# URL redirect code needed



## Viper (Nov 5, 1999)

suppose i have a page on my site, but i changed the link....what coding would i use so that if the person doesnt click on a link, it automatically re-directs to the new page say after 5 seconds?

thanks in advance


----------



## nczman (Dec 12, 2000)

the HMTL below is placed in a file called index.htm
in the folder that I want to redirect.

This page has moved to a A href="http://www.zongker.com/index.html">new
location /A>

[Edited by nczman on 04-01-2001 at 10:09 AM]


----------



## Viper (Nov 5, 1999)

ok........i cant see the code ?!?


----------



## nczman (Dec 12, 2000)

sorry, but I do know know how to keep it from reading the html as code.

&ltHTML&gt
&ltHEAD&gt
&ltSCRIPT language="JavaScript1.1"&gt
&lt!--
location.replace("http://www.zongker.com/index.html");
//--&gt
&lt/SCRIPT&gt
&ltNOSCRIPT&gt
&ltMETA http-equiv="Refresh" content="0; URL="http://www.zongker.com/index.html"&gt
&lt/NOSCRIPT&gt
&lt/HEAD&gt
&ltBODY&gt
This page has moved to a &ltA href="http://www.zongker.com/index.html"&gtnew
location& lt/A&gt.
&lt/BODY&gt
&lt/HTML&gt

[Edited by nczman on 04-02-2001 at 06:49 AM]


----------



## Anne Troy (Feb 14, 1999)

nczman: please give us your email when you request a moderator's attention.

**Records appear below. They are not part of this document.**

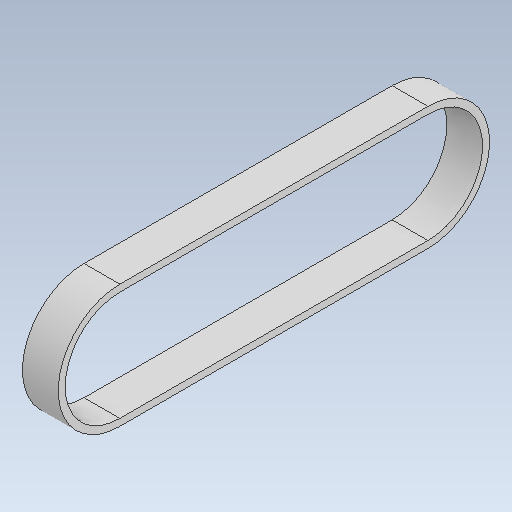
# Autodesk Inventor part: 49T belt from gobuilda
Saved by Autodesk Inventor 2020.2 (Build 242310000, 310)
## iProperties
Created: 2020-03-01
Part Number: 49T belt from gobuilda
Material: Generic
Document SubType Name: Modeling
Designer: deli
Density: 1 g/cm^3
Appearance: Default
Author: deli
Autodesk Inventor part; units mm, degrees
ref_plane "YZ Plane" through (0, 0, 0) normal (1, 0, 0) x (0, 1, 0)
ref_plane "XZ Plane" through (0, 0, 0) normal (0, 1, 0) x (-1, 0, 0)
ref_plane "XY Plane" through (0, 0, 0) normal (0, 0, 1) x (1, 0, 0)
sketch "Sketch1" plane through (0, 0, 0) normal (1, 0, 0) x (0, 1, 0)
  arc A0 (7.1618, 41.4339) -> (-20.3375, 41.4339) centre (-6.5878, 41.4339) ccw
  arc A1 (-20.3375, -36.0661) -> (7.1618, -36.0661) centre (-6.5878, -36.0661) ccw
  line L0 (7.1618, 41.4339) -> (7.1618, -36.0661)
  line L1 (-20.3375, -36.0661) -> (-20.3375, 41.4339)
  line L2 (8.9018, -36.0661) -> (8.9018, 41.4339)
  arc A2 (8.9018, 41.4339) -> (-22.0775, 41.4339) centre (-6.5878, 41.4339) ccw
  line L3 (-22.0775, 41.4339) -> (-22.0775, -36.0661)
  arc A3 (-22.0775, -36.0661) -> (8.9018, -36.0661) centre (-6.5878, -36.0661) ccw
  point P0 (0, 0)
  dimension "d0" = 27.4993
  dimension "d1" = 27.4993
  dimension "d2" = 77.5
  dimension "d3" = 0
  dimension "d4" = 1.74
  constraints: 8 end point, 8 point on circle, 4 centre point, 1 tangent, 1 vertical, 3 other
  measures "d0" diameter of A0
  measures "d1" diameter of A1
  measures "d2" distance of A1.centre A0.centre
  measures "d3" horizontal distance of A1.centre A0.centre
  measures "d4" distance between parallel lines of L0 L2
extrude "Extrusion1" add sketch "Sketch1" along normal blind 9
equation "\"d1\" = d0"
body "Solid1"

We are unable to reply. We do not use your email for any other purpose than to contact you. Our terms of agreement states that and we are bound by it. Please resend your request with a valid email address. Thanks!

PS: Meanwhile, could you edit or delete the existing "code" so that we don't keep getting that runtime error? I'll be happy to remove it for you, but you can just hit the Edit/Delete button.


----------



## Viper (Nov 5, 1999)

erm, before deleting this post, would it be possible for someone to show me the URL redirect coding please


----------



## nczman (Dec 12, 2000)

thanks guys for the help.. how about this



&ltHTML&gt
&ltHEAD&gt
&ltSCRIPT language="JavaScript1.1"&gt
&lt!--
location.replace("http://www.zongker.com/index.html");
//--&gt
&lt/SCRIPT&gt
&ltNOSCRIPT&gt
&ltMETA http-equiv="Refresh" content="0; URL="http://www.zongker.com/index.html"&gt
&lt/NOSCRIPT&gt
&lt/HEAD&gt
&ltBODY&gt
This page has moved to a &ltA href="http://www.zongker.com/index.html"&gtnew
location&lt/A&gt.
&lt/BODY&gt
&lt/HTML&gt


----------



## Viper (Nov 5, 1999)

cheers m8


----------